Detta così sembra piuttosto triste, in verità trovo il tempo
di bere molto anche durante la settimana.
Il momento piu'scoraggiante e quello piu' incoraggiante nella gestione
della wallace.
Dopo 20 e passa dischi ho raggiunto un certo equilibrio emotivo che lima
gli eccessi: non mi esalto troppo e non mi scoraggio, questo perchè
sono piuttosto diffidente sul modo in cui circola la musica e se ne parla.
Il valore delle capacità promozionali (più spesso legate ai
soldi o al tempo che un' etichetta ci investe) supera di gran lunga il valore
intrinseco della band e della sua musica. Una band non è considerata
figa perchè ha fatto un gran disco, ma perchè molti dicono che
ha fatto un gran disco. Questa è una regola da sempre vigente in ambito
major, ma viene ricalcata con fedele schivitù e medesima lingua nel
culo da indipendenti più o meno piccole. Più che scoraggiarmi
io, mi fanno un po' pena loro, di certo non invidia. I momenti più
esaltanti sono i confronti con le band, il momento in cui si decide se fare
il disco, come farlo, come fare la grafica, quando te lo consegnano finito
e te lo giri tra le mani. O quando ti scrivo le persone che hanno pagato il
disco e ti dicono che gli è piaciuto. Io sono un appassionato di dischi,
non di pagine pubblicitarie o di recensioni in grassetto.
Come vedi la situazione musicale italiana?
Non vedo nessuna situazione musicale definibile, e va bene così.
Ci sono ottime band, ma veramente ottime. Mi sembra che di etichette piccole
ne siano sorte più negli anni passati che oggi. In compenso tra i promozionali
che mi arrivano ci sono sempre più degli ottimi dischi, nonostante
il restante 90% sia veramente pessimo. Su alcuni mi piacerebbe anche lavorare
ma ho veramente troppe uscite in ballo. C'è un po' più di consapevolezza
che è meglio seguire una strada personale piuttosto che ricalcare schemi
consueti, anche se ottimi. Non è il paradiso, ma non credo che lo sia
da nessuna parte.
Un libro,un film,un disco per l'isola deserta...

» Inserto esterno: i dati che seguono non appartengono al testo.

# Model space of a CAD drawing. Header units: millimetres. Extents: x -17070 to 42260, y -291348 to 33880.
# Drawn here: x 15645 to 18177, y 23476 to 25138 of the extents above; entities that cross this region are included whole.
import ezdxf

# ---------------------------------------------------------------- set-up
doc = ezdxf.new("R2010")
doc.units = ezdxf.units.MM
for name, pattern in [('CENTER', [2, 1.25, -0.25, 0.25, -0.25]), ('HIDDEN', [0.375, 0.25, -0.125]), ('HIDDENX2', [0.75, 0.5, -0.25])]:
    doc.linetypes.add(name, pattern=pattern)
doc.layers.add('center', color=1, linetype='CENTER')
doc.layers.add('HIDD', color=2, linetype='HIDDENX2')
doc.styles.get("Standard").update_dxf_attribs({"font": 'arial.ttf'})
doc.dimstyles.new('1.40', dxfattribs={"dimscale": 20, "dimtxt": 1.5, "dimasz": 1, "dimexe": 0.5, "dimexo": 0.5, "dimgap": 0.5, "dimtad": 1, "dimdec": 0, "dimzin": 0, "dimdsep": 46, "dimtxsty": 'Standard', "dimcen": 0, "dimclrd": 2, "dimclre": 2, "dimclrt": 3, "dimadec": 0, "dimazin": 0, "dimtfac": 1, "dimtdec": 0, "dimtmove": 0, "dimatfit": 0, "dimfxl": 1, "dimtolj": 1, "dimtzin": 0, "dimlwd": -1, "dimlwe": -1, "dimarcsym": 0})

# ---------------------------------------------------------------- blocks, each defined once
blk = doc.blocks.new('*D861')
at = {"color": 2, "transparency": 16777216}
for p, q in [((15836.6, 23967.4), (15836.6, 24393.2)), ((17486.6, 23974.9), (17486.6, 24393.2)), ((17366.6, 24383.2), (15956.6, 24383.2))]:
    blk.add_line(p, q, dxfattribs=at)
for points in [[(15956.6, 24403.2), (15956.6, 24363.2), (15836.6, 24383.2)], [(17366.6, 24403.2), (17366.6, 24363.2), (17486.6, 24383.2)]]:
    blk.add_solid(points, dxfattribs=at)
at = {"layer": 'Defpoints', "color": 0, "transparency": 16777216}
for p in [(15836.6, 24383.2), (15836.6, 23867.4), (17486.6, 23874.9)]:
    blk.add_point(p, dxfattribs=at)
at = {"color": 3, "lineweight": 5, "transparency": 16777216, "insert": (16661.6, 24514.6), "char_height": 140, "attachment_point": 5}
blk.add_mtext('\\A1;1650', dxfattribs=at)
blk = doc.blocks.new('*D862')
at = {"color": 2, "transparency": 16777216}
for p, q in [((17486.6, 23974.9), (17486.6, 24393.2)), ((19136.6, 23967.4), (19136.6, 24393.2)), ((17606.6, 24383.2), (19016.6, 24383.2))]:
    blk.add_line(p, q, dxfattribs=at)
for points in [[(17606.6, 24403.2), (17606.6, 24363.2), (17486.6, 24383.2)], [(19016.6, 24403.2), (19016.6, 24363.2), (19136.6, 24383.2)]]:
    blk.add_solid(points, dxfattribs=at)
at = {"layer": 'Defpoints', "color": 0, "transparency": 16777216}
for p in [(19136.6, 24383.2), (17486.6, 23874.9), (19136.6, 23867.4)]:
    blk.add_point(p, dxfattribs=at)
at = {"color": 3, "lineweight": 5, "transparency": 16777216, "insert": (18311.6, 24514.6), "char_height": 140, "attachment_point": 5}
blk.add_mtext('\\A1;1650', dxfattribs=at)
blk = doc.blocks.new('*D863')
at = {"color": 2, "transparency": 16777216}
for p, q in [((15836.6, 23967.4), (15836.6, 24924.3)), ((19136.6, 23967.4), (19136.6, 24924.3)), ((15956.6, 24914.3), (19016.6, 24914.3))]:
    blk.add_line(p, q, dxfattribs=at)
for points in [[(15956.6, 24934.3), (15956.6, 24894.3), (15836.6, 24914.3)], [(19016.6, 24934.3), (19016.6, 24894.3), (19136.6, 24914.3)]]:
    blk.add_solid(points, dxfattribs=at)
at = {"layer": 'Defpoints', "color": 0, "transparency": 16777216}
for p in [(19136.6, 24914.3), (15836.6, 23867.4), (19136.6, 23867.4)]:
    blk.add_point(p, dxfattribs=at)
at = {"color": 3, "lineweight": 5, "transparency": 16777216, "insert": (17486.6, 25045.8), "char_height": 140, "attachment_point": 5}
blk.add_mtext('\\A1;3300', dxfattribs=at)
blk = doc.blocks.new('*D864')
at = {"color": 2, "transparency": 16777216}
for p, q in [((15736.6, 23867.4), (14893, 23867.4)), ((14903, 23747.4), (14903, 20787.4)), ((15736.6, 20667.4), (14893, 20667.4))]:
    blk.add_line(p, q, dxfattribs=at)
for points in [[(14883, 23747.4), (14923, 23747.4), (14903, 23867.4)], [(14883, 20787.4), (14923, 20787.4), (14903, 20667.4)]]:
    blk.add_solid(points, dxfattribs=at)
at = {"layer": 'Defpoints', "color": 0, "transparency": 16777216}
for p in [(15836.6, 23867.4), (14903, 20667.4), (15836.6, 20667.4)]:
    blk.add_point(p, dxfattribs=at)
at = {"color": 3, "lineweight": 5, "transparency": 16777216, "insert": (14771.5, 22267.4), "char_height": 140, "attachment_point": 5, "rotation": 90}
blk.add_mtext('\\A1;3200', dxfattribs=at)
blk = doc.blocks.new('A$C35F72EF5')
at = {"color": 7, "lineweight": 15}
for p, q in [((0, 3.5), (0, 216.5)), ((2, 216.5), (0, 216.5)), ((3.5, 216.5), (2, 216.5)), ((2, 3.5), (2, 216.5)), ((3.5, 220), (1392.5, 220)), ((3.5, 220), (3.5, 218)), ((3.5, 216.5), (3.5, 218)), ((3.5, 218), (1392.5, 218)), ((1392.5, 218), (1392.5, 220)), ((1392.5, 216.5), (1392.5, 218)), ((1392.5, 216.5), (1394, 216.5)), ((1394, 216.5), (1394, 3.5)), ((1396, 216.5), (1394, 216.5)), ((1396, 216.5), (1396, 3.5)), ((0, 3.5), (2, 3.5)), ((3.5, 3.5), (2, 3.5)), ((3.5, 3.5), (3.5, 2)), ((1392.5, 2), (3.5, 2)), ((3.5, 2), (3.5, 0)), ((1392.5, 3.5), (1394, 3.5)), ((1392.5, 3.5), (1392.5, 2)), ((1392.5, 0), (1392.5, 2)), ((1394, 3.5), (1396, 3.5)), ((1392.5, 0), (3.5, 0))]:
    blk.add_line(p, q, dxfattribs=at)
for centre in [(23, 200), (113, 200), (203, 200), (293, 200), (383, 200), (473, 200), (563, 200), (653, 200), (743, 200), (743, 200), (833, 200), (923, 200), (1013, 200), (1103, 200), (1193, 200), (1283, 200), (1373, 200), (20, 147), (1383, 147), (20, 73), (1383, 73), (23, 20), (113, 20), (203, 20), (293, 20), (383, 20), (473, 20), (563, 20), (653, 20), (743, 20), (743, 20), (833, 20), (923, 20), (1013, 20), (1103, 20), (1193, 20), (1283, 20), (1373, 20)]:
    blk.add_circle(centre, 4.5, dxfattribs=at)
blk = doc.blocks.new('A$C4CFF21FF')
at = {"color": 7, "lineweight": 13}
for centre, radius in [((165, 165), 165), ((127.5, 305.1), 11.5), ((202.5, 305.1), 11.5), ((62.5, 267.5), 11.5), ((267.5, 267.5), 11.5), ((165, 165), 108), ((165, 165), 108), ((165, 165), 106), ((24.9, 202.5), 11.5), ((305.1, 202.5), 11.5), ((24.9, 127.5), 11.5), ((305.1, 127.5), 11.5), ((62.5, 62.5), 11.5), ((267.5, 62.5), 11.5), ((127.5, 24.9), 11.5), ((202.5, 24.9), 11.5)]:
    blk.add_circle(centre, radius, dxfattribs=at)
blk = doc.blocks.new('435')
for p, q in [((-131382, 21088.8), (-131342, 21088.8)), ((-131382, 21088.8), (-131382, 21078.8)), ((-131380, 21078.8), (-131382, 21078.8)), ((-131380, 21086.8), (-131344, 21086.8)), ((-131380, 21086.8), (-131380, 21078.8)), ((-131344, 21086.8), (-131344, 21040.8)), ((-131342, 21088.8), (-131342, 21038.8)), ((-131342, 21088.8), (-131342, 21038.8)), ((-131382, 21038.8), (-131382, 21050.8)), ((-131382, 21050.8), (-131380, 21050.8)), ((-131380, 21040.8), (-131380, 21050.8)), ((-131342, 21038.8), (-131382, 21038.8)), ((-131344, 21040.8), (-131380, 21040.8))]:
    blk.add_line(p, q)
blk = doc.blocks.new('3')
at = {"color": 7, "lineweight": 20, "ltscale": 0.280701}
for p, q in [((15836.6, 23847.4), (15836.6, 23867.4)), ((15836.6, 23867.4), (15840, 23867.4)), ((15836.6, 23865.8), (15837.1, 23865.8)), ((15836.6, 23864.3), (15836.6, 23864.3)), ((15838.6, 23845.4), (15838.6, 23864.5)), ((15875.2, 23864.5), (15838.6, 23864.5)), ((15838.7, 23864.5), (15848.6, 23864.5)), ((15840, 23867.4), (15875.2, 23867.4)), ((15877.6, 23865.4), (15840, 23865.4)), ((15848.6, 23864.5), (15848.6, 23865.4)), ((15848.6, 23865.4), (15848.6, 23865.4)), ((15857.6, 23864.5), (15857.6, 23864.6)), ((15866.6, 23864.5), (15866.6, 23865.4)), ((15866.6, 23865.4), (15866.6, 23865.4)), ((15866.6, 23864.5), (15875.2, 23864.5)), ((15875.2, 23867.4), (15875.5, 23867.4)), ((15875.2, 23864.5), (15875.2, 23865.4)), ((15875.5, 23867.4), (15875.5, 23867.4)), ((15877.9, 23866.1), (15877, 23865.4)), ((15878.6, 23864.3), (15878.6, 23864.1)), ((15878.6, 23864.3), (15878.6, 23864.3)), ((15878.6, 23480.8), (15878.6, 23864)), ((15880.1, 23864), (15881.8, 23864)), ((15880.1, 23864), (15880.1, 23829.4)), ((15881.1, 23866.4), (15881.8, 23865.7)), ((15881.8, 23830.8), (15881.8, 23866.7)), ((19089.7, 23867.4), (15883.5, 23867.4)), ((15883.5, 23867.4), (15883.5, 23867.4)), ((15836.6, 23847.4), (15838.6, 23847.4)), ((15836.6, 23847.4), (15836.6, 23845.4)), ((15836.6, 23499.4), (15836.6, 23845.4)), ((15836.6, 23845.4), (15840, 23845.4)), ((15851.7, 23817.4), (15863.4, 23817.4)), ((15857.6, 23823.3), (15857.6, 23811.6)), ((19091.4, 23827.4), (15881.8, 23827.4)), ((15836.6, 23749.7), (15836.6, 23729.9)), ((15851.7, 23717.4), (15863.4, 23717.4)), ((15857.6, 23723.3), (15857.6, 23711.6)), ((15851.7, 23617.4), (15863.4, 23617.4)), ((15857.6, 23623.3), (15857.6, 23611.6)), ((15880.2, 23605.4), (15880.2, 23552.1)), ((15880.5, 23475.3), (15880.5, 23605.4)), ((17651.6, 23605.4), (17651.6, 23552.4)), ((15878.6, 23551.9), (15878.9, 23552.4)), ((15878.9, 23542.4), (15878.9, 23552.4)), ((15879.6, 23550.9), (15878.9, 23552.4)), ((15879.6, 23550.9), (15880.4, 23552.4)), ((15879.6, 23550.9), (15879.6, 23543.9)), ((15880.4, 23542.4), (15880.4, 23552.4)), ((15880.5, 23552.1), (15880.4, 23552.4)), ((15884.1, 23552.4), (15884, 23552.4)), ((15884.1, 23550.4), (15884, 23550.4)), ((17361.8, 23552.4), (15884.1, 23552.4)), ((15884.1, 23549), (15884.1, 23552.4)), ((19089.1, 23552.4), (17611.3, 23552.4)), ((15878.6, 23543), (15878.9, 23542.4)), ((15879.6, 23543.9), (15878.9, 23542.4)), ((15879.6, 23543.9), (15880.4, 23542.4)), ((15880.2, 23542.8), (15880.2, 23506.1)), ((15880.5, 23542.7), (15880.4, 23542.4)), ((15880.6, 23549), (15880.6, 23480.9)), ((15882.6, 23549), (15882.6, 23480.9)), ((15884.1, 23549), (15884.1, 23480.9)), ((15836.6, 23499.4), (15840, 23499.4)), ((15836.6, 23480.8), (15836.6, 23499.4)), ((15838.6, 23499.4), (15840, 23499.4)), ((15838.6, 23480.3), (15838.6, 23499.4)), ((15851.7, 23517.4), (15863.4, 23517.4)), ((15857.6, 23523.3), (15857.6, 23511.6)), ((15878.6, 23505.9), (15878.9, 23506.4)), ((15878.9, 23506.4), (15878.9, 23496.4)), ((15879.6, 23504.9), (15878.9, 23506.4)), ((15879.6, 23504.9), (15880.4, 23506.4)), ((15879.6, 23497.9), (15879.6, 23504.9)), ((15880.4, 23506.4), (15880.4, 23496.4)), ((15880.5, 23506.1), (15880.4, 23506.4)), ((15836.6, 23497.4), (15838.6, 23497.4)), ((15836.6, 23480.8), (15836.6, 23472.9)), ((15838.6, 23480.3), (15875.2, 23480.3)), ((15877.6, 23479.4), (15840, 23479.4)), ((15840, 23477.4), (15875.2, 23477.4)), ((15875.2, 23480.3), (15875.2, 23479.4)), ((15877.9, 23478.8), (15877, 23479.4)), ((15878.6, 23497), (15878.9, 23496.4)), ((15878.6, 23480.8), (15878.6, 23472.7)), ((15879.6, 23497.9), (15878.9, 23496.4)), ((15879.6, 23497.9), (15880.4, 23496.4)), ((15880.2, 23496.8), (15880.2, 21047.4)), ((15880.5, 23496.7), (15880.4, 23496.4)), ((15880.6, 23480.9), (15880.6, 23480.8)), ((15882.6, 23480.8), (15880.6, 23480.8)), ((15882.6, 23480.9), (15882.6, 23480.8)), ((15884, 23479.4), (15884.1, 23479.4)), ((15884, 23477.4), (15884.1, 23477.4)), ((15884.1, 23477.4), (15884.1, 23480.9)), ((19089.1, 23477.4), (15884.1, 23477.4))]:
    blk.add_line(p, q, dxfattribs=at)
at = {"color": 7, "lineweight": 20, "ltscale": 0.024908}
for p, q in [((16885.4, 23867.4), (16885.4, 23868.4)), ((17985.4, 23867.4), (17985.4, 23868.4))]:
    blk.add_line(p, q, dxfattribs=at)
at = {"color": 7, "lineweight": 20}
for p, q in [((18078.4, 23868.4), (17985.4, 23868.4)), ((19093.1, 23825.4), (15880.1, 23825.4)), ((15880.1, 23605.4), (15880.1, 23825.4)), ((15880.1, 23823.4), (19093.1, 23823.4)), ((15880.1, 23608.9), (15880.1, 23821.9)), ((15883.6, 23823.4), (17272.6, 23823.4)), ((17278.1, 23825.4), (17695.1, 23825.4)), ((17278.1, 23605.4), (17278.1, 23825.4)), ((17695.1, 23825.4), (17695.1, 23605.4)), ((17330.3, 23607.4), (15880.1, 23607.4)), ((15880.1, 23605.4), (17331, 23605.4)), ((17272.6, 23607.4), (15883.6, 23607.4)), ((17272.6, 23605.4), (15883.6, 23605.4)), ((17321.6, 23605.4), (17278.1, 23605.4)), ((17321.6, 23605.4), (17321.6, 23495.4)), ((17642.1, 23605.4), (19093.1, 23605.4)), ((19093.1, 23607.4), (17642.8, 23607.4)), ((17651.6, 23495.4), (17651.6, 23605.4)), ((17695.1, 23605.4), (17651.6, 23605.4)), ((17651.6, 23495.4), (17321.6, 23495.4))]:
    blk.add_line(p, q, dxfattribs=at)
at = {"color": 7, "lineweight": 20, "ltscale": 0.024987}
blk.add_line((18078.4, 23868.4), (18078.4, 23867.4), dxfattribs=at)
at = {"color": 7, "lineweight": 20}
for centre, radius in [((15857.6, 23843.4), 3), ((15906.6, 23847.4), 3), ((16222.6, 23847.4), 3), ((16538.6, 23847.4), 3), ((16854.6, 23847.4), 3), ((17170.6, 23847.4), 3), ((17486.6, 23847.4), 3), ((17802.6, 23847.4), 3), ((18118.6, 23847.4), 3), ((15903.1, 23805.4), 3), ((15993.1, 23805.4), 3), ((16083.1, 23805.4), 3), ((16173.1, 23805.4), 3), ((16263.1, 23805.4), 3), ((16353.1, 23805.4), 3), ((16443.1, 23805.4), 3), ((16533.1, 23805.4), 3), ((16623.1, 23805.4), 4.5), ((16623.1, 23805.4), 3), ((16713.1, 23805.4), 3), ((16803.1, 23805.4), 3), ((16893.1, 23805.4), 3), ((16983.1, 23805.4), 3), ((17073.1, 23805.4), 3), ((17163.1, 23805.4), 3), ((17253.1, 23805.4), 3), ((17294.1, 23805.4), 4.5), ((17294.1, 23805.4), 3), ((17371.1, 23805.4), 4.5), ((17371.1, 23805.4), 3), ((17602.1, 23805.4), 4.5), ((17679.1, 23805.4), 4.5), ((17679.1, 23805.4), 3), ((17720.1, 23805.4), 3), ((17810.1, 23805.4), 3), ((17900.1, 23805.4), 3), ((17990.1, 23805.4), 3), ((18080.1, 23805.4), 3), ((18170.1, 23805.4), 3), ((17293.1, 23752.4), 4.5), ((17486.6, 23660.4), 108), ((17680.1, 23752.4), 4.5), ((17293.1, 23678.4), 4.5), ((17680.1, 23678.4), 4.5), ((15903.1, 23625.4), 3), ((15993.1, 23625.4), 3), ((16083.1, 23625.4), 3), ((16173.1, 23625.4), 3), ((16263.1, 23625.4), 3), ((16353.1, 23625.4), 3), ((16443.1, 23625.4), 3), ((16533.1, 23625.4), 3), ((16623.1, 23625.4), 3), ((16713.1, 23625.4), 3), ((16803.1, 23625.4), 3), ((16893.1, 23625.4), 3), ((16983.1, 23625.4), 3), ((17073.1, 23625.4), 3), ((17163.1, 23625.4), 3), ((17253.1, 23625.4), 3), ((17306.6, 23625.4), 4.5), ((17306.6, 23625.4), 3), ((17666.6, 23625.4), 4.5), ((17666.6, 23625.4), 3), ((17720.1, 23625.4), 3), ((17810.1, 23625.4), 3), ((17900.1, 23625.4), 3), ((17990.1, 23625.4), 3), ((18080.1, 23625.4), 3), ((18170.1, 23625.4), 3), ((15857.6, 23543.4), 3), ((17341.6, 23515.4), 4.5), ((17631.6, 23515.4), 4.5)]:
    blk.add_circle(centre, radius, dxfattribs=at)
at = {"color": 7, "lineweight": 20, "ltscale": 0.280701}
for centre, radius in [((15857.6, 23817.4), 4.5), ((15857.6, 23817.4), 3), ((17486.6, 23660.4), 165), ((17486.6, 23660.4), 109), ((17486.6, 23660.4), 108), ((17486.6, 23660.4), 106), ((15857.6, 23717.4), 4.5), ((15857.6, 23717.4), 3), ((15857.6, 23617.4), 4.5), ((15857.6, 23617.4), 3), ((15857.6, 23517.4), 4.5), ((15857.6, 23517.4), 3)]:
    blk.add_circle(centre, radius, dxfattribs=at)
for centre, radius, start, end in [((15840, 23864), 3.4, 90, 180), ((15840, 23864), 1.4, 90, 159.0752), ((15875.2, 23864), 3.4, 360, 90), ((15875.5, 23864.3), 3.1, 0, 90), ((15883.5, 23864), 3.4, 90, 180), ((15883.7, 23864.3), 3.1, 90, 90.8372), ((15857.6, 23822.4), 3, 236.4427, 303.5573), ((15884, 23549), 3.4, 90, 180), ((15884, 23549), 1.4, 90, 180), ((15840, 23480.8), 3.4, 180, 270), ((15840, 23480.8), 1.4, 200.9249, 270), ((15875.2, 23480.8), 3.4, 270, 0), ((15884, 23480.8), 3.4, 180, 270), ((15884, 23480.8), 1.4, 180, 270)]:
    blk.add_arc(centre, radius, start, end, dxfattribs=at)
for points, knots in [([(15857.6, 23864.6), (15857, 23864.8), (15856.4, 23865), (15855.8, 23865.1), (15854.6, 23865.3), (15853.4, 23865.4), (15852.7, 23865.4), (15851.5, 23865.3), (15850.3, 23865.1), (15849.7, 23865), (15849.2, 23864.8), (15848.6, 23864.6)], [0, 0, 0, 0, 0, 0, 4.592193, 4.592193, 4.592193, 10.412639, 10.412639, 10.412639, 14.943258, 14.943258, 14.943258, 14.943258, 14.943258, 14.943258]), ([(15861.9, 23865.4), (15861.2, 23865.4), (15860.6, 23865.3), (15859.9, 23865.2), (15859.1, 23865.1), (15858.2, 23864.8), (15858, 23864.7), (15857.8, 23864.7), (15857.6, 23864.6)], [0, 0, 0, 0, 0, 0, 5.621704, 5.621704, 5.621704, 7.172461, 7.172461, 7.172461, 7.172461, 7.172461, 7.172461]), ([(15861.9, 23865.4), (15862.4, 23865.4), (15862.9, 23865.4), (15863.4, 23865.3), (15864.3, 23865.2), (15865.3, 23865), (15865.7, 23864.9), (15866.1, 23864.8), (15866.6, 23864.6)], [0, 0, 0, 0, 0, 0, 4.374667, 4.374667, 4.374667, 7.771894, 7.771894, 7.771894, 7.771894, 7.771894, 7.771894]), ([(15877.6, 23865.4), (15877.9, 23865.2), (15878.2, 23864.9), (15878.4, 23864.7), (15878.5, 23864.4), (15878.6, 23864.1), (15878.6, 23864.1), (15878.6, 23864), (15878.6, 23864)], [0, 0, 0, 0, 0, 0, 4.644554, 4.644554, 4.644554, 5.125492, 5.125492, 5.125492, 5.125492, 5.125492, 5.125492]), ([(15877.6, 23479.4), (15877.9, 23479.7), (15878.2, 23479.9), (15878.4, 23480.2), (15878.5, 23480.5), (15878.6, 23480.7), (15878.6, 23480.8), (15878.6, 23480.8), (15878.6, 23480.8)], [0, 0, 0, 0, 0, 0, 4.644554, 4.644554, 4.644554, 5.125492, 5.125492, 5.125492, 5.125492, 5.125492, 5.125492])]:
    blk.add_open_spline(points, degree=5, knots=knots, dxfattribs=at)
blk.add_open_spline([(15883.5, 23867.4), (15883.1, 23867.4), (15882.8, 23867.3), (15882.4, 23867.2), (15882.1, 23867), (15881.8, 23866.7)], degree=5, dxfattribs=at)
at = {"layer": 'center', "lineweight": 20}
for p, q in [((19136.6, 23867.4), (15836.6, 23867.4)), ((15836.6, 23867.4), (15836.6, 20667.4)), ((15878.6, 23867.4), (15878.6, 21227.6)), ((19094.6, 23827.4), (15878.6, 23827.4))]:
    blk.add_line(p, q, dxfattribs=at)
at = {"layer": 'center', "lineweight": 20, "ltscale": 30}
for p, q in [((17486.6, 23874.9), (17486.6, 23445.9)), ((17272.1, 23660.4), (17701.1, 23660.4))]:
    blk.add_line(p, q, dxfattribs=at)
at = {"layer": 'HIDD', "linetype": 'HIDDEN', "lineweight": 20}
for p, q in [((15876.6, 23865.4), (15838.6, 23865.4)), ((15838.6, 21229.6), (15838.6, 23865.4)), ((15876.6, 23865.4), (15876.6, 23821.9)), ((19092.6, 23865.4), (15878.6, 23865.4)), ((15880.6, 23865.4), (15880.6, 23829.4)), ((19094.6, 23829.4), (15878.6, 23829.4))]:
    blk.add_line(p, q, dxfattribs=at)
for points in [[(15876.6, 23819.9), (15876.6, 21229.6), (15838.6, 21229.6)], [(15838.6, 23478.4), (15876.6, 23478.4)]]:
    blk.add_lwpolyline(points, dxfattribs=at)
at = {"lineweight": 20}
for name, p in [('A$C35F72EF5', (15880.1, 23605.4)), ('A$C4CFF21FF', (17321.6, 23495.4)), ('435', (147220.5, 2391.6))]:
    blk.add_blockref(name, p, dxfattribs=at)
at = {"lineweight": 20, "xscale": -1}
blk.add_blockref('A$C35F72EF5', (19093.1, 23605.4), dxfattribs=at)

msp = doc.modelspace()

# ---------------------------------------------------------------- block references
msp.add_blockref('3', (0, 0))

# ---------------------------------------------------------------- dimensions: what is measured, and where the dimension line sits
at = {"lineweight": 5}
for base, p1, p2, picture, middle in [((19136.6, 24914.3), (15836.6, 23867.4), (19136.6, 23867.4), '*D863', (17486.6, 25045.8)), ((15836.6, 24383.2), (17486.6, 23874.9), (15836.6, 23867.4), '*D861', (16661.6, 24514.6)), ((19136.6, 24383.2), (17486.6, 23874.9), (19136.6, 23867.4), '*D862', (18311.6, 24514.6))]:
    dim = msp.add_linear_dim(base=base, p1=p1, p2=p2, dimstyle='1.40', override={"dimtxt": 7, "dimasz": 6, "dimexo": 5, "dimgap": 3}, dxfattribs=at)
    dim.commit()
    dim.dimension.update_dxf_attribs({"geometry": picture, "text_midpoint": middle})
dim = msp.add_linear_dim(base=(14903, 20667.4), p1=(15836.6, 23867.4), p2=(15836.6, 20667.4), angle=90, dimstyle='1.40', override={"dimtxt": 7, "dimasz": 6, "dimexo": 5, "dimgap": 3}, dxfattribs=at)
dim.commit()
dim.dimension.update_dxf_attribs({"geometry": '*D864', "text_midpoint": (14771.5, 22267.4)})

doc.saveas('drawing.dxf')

Un libro : non leggo tantissimo, anche se mi piace. Segnalerei : "american
tabloid" di ellroy, "Coscine di Pollo" di Tom Robbins e "La
famiglia Winshaw" di Jonathan Coe, che non sono per forza le cose più
belle, ma quelle che mi vengono in mente se mi chiedi quali sono le più
belle Un film: ovviamente pulp fiction, che paragono sempre a "nevermind"
per l'irruenza con cui mi ha sconvolto. Poi tanto (non tutto) kubrik, allen,
i cohen, tanti altri classici. Un film un po' sconosciuto che consiglio tantissimo
è "funny games" di michael haneke. "essere john malcovich"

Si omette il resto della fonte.